By NEVA WARREN

Former UT student Ramon Berrios has had massive success in the business world. In the summer of 2015, he attended an event called “Next Gen Summit,” during which he attended a panel of Forbes’ 30 Under 30. This experience changed his life, he said.

After that, he created his first retail business, an event venue in Puerto Rico, which he gave to his mother as a gift. He then started his own software business, which helps companies grow their Instagram accounts (and which works with prominent names like Four Seasons Hotels and Hard Rock Hotels). Now, he is currently creating his second software company, a communication company. Berrios succeeded in doing all this without a college degree and with a learning disorder.

Berrios was diagnosed with attention deficit/hyperactivity disorder (ADHD) in third grade. ADHD affects the parts of the brain controlling attention, concentration, impulsivity, activity levels and memory.

“ADHD is something I need to manage running a software company and launching two other businesses at the same time,” Berrios said. “ADHD has also helped me a lot on a social level, which has made me develop a unique networking skill. This has helped me build a very powerful network and be fearless when it comes to negotiations.”

After years of struggling with the medication that stunted his growth, he decided to go off it. When he started at The University of Tampa as a marketing major in 2010, he discovered that college was difficult for a student with ADHD.

“I have a very short attention span, so paying attention in class was very difficult,” Berrios said. “I had a block with classes that were related to numbers and those classes were a real emotional struggle for me.”

For Berrios, coming to college helped him learn to cope with his disorder as much as possible without medication. He said beginning college is when his life really turned for the best.

“With college, I started to see things differently,” Berrios said. “I became mature enough to control myself in a classroom without a pill.”

Berrios decided to use self-help literature to help his ADHD, which he says has worked for him, although it doesn’t work for everyone.

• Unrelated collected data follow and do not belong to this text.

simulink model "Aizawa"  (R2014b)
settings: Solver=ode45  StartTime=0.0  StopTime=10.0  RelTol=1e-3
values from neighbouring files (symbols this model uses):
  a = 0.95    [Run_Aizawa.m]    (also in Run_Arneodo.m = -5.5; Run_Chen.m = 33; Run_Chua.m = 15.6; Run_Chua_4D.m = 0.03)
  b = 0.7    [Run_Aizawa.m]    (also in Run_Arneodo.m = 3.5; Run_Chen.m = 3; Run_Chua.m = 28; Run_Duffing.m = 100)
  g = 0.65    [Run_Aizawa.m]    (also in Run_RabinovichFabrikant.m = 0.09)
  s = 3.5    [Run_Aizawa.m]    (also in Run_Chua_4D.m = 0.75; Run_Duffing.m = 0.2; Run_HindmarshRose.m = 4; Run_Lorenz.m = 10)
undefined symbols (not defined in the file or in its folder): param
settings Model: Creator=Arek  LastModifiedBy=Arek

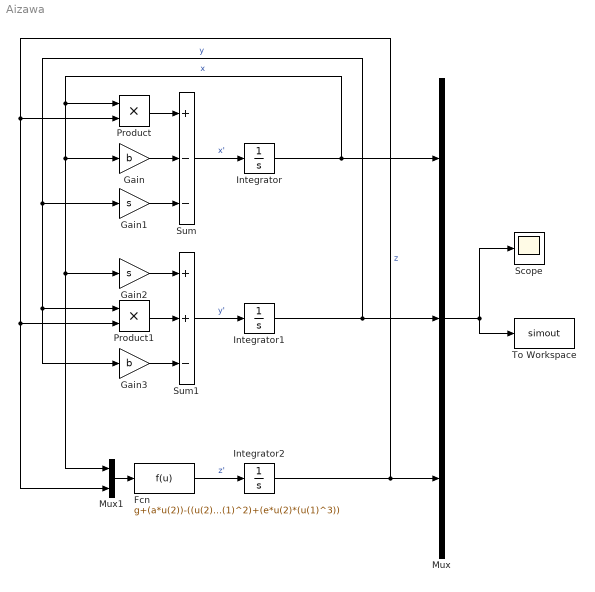
== system Aizawa ==
  Fcn : Fcn  Expr=g+(a*u(2))-((u(2)^3)/3)-(u(1)^2)+(e*u(2)*(u(1)^3))
  Gain : Gain  Gain=b
  Gain1 : Gain  Gain=s
  Gain2 : Gain  Gain=s
  Gain3 : Gain  Gain=b
  Integrator : Integrator  InitialCondition=param.ic(1)
  Integrator1 : Integrator  InitialCondition=param.ic(2)
  Integrator2 : Integrator  InitialCondition=param.ic(3)
  Mux : Mux  Inputs=3
  Mux1 : Mux  Inputs=2
  Product : Product
  Product1 : Product
  Scope : Scope
      settings: ShowLegends=on
  Sum : Sum  Inputs=+--
  Sum1 : Sum  Inputs=++-
  To Workspace : ToWorkspace  VariableName=simout  SaveFormat=Timeseries  SampleTime=-1
  wires:
  Integrator/1 -> Product/1, Mux1/1, Gain2/1, Gain/1, Mux/1  "x"
  Sum1/1 -> Integrator1/1  "y'"
  Integrator1/1 -> Gain3/1, Product1/1, Gain1/1, Mux/2  "y"
  Fcn/1 -> Integrator2/1  "z'"
  Integrator2/1 -> Product/2, Mux1/2, Product1/2, Mux/3  "z"
  Mux/1 -> Scope/1, To Workspace/1
  Sum/1 -> Integrator/1  "x'"
  Product/1 -> Sum/1
  Gain/1 -> Sum/2
  Gain1/1 -> Sum/3
  Gain3/1 -> Sum1/3
  Gain2/1 -> Sum1/1
  Product1/1 -> Sum1/2
  Mux1/1 -> Fcn/1

After going to college and studying marketing for six years, the classroom experience proved too difficult for him, so Berrios dropped out in his final semester at UT in 2014.

“The fact that I couldn’t pass accounting, statistics and finance are what made me drop out of college in my senior year,” Berrios said. “That’s when I decided to make the leap and design my own future.”

Berrios’s main goal now is helping other students with ADHD overcome the challenges imposed by social norms. He does public speaking and encourages students with ADHD to focus less on the degree and more on the education.

“If there is a topic in which you’re interested and your school doesn’t offer it, don’t abandon it,” Berrios said. “There is no such thing as too much knowledge.”

Berrios has used this philosophy to fuel his public speaking appearances. He says that learning to cope with his ADHD has helped him on his road to success.

“I often used self help books, YouTube videos, and business podcasts in my commute,” Berrios said on his methods of coping. “This was all derived from meditation and learning to fall in love with the process rather than the outcome.”

Mark Citron, a friend of Berrios, graduated from UT in 2015 with a communication major and business minor. “Ray and I were really close until he left [UT],” Citron said of Berrios. Citron also struggles with ADHD. He uses some of the same coping methods as Berrios, like meditation, but unlike Berrios, Citron also takes medication.

Medication. My goodness. I could go on all day about it,” Citron said. “I need it. Can’t live without it.”

Citron also accepted the extended test taking time offered by disability services. He took a very different approach to managing his ADHD, and acknowledges that every person is unique and medication was a good fit for himself but wrong for Berrios.

“I couldn’t study unless I was an a isolated area away from the library,” Citron said of the difficulties caused by his disorder. “Too much distraction would reel me off track.”

Despite the setbacks that ADHD has caused him, Berrios is thankful for it.

“I can’t imagine my life without ADHD,” Berrios said. “And I wouldn’t want it any other way.”